» **Activity**:
Please transcribe the data that follows exactly, from its first line through the line that contains "settings Model: Creator=The".

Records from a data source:
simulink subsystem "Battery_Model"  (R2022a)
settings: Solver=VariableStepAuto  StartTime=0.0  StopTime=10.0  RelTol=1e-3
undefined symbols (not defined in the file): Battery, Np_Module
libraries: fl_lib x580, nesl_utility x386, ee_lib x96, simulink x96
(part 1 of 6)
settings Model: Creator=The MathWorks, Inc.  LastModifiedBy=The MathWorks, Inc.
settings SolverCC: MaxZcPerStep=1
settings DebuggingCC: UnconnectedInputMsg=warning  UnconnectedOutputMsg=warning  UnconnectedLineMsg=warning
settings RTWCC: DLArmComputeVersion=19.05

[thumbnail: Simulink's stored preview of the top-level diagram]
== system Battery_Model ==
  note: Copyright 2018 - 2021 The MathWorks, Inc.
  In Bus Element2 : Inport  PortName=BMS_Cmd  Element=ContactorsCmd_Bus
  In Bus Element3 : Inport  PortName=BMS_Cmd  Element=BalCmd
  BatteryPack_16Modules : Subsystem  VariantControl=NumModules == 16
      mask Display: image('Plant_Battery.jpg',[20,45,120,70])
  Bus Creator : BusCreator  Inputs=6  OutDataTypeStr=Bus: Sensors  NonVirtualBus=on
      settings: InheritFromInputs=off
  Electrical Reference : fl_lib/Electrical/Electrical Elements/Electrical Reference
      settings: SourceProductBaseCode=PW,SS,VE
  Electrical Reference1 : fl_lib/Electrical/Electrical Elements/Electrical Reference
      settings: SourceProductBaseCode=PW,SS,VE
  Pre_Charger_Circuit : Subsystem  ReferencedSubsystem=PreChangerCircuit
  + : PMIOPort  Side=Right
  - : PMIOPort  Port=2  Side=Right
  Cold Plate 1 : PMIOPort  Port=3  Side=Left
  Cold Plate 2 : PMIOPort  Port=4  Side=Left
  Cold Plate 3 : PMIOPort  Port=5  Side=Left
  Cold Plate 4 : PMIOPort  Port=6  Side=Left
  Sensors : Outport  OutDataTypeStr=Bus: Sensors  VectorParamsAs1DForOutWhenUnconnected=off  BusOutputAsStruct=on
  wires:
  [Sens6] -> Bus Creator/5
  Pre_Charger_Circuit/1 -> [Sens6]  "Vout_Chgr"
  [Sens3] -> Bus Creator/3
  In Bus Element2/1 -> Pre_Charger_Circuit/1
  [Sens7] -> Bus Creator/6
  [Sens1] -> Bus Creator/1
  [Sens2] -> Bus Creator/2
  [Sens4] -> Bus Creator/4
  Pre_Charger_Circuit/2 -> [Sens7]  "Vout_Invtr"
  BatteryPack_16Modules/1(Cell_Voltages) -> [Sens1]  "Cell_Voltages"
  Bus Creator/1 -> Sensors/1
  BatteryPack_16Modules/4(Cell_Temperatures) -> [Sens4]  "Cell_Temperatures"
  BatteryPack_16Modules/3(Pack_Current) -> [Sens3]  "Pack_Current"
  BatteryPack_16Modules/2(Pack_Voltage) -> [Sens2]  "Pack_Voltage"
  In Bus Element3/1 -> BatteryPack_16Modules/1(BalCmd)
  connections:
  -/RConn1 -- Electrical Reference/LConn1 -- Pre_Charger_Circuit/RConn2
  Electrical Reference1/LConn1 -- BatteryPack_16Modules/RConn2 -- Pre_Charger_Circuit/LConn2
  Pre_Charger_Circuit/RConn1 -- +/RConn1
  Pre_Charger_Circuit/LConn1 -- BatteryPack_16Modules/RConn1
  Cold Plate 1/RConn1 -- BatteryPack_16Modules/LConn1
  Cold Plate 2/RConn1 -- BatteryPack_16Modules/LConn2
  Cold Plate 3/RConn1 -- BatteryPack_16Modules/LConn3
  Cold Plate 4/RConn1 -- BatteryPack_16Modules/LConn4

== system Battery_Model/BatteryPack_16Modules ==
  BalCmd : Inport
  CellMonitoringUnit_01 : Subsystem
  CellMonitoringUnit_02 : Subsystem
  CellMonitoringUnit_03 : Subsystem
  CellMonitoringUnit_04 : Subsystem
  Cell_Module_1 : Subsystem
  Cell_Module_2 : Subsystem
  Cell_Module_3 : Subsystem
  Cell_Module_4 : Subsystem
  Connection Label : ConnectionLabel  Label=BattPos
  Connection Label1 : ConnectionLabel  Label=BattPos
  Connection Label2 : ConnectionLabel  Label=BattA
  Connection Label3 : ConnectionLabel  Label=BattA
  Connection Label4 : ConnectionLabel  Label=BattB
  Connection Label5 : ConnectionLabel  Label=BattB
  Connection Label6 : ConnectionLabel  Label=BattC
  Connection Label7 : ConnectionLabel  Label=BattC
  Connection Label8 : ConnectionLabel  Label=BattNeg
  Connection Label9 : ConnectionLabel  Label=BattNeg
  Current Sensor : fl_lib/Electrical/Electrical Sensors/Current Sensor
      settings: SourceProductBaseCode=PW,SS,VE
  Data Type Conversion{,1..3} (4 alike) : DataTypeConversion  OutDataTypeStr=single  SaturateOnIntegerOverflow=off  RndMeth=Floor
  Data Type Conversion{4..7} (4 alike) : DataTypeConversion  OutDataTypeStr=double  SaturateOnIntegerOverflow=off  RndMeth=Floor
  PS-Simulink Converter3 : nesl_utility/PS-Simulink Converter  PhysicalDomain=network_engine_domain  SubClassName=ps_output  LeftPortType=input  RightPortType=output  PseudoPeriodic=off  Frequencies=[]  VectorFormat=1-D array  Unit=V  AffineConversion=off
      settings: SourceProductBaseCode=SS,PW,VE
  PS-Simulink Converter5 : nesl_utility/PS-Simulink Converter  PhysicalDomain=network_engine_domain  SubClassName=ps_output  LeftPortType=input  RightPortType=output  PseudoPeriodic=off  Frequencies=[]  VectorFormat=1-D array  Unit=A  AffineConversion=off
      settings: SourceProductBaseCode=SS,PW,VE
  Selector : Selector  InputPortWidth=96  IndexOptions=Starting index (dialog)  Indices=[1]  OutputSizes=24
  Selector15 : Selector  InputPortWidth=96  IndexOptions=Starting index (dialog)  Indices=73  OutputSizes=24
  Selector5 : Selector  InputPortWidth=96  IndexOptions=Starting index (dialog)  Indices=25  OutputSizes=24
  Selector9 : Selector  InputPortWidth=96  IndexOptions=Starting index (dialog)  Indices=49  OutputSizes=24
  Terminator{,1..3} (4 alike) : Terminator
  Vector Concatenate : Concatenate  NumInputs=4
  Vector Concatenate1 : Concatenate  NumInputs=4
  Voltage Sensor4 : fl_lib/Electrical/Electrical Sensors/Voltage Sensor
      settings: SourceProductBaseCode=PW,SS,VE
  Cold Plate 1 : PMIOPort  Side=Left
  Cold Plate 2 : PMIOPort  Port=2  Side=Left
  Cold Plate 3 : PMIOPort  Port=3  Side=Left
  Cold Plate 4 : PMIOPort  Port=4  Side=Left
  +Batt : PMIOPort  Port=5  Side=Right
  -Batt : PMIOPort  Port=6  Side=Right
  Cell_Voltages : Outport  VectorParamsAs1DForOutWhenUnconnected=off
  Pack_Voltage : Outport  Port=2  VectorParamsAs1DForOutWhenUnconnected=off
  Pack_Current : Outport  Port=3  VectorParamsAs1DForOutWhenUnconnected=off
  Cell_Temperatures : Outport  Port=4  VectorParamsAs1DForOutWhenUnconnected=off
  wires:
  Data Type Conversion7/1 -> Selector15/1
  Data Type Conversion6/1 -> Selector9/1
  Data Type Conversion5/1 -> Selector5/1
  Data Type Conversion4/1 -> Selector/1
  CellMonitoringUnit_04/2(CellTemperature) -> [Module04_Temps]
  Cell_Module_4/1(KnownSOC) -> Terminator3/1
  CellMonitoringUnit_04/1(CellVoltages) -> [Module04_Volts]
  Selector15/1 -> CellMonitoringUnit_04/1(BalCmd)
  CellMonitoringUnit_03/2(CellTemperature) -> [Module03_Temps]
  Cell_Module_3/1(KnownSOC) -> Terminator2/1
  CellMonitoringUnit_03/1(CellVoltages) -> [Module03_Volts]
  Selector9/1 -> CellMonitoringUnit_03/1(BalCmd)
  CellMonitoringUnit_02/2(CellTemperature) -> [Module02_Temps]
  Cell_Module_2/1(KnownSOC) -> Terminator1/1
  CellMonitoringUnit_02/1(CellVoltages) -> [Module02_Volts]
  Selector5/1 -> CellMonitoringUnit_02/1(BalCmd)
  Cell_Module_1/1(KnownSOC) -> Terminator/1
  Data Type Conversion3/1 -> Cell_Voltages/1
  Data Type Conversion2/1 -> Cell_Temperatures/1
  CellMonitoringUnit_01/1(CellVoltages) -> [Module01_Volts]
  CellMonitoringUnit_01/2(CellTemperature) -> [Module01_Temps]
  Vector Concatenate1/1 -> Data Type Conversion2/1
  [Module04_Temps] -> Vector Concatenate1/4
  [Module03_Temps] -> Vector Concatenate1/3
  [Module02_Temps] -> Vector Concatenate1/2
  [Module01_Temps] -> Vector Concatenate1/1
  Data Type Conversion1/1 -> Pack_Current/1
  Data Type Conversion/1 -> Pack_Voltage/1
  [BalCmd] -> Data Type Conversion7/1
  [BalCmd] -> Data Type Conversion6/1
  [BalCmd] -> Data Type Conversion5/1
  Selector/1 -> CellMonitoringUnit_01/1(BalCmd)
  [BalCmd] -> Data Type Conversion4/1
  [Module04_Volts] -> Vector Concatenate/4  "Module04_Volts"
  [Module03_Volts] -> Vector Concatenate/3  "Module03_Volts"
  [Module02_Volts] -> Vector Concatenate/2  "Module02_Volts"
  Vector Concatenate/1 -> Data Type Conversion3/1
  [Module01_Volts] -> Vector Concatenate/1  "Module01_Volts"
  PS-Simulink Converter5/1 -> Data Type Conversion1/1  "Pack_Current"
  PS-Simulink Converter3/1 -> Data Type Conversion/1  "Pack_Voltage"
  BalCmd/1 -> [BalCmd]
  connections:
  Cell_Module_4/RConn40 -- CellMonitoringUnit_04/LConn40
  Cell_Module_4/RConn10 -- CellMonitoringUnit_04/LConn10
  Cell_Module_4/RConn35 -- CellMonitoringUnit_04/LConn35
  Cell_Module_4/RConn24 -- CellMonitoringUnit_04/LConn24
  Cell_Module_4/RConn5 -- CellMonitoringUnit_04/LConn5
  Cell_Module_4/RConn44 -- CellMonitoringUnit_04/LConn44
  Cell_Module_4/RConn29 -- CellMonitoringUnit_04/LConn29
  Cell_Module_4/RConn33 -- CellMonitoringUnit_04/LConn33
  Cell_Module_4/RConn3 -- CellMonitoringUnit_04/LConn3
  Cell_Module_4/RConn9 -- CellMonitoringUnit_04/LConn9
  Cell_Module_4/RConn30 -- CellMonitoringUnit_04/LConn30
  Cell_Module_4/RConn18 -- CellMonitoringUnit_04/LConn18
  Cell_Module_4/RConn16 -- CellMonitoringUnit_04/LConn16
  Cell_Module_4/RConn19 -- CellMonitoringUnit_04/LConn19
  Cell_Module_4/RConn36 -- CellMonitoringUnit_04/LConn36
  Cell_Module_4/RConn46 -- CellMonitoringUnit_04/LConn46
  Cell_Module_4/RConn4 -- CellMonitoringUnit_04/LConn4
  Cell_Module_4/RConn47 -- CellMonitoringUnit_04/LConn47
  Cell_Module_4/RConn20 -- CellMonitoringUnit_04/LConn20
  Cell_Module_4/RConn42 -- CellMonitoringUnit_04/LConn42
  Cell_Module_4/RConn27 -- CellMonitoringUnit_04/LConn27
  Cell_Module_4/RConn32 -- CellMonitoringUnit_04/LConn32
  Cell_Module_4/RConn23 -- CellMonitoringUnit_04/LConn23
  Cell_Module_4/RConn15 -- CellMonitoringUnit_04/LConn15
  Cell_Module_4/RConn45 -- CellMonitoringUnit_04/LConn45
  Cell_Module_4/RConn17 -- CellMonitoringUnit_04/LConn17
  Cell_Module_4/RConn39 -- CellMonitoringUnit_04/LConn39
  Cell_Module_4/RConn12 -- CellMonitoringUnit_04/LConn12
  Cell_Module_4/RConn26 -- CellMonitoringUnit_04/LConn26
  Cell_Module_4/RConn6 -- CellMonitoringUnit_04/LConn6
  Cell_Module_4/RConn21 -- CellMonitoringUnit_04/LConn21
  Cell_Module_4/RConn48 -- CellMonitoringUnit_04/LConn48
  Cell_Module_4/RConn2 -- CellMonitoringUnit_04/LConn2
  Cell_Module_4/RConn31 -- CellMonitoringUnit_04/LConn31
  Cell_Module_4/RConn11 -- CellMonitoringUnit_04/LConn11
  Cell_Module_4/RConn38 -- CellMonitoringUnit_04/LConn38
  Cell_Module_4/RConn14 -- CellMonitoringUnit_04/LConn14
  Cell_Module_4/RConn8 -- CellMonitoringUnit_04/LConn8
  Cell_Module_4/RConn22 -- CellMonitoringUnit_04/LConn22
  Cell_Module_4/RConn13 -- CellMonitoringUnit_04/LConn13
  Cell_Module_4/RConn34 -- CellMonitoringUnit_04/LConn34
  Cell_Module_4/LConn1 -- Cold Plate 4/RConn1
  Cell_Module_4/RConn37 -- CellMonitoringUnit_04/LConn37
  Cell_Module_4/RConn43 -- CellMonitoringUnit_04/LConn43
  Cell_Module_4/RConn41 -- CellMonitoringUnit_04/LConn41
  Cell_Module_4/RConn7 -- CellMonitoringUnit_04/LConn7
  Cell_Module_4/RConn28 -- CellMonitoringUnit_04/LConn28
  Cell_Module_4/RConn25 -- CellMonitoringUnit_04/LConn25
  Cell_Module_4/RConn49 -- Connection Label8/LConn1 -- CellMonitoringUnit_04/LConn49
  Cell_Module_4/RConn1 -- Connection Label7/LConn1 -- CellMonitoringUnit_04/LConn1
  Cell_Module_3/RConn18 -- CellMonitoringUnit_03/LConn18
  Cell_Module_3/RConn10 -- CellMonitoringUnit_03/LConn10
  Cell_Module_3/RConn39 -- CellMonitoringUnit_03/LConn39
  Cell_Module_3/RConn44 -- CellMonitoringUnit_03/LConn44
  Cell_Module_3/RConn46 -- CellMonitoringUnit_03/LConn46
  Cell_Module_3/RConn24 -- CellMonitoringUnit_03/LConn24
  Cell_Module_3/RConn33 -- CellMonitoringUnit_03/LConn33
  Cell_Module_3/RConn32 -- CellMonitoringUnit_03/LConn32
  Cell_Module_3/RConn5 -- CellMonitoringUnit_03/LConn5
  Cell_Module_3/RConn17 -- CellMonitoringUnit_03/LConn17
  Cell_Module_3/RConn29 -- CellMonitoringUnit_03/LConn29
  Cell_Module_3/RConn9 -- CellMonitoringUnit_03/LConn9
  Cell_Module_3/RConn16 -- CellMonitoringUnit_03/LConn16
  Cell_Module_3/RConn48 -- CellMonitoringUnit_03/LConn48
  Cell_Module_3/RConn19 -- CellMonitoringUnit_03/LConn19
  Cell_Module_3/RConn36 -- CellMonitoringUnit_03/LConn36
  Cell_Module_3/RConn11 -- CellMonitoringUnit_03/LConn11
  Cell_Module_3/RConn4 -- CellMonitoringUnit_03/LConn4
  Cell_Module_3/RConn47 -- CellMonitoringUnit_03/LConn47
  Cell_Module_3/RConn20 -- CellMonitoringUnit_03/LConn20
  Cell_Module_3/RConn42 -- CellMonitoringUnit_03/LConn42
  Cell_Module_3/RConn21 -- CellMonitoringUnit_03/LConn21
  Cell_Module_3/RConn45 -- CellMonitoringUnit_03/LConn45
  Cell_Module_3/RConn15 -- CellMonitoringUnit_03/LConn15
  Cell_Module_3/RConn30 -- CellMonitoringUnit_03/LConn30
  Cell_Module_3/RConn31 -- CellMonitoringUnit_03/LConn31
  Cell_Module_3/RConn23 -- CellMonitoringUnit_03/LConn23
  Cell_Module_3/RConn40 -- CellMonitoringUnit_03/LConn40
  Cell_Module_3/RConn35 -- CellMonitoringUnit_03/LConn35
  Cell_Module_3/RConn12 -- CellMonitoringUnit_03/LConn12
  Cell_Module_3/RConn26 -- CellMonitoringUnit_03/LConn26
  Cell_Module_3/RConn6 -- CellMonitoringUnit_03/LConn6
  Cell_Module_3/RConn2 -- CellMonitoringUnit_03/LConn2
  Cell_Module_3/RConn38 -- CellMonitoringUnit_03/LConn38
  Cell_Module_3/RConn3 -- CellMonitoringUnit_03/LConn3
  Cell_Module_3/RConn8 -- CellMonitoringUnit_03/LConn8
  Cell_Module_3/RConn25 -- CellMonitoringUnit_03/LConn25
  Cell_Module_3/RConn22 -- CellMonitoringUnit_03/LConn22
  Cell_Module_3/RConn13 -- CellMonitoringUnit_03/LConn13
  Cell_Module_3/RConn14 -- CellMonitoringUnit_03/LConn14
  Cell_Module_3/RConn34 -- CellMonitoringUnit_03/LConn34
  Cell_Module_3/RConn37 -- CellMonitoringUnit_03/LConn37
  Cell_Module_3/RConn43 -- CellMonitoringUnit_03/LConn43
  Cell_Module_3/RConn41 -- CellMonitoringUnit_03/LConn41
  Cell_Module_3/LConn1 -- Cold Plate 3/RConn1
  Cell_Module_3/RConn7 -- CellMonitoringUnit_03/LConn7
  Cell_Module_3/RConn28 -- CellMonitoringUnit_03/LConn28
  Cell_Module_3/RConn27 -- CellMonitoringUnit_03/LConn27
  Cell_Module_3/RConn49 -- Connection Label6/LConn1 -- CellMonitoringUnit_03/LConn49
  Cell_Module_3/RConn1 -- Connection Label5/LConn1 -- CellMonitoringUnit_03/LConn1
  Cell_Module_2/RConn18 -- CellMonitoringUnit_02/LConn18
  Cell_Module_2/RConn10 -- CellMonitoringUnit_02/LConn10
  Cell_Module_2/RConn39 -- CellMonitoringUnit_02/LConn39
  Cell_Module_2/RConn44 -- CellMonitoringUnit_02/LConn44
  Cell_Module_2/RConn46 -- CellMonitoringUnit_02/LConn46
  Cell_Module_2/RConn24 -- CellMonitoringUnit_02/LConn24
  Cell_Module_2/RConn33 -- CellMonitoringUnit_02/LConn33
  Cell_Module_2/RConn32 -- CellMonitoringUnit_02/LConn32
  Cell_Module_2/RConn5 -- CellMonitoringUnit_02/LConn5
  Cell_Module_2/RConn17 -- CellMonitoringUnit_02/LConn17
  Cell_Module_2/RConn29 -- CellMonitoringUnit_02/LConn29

» **Completed task**:
simulink subsystem "Battery_Model"  (R2022a)
settings: Solver=VariableStepAuto  StartTime=0.0  StopTime=10.0  RelTol=1e-3
undefined symbols (not defined in the file): Battery, Np_Module
libraries: fl_lib x580, nesl_utility x386, ee_lib x96, simulink x96
(part 1 of 6)
settings Model: Creator=The MathWorks, Inc.  LastModifiedBy=The MathWorks, Inc.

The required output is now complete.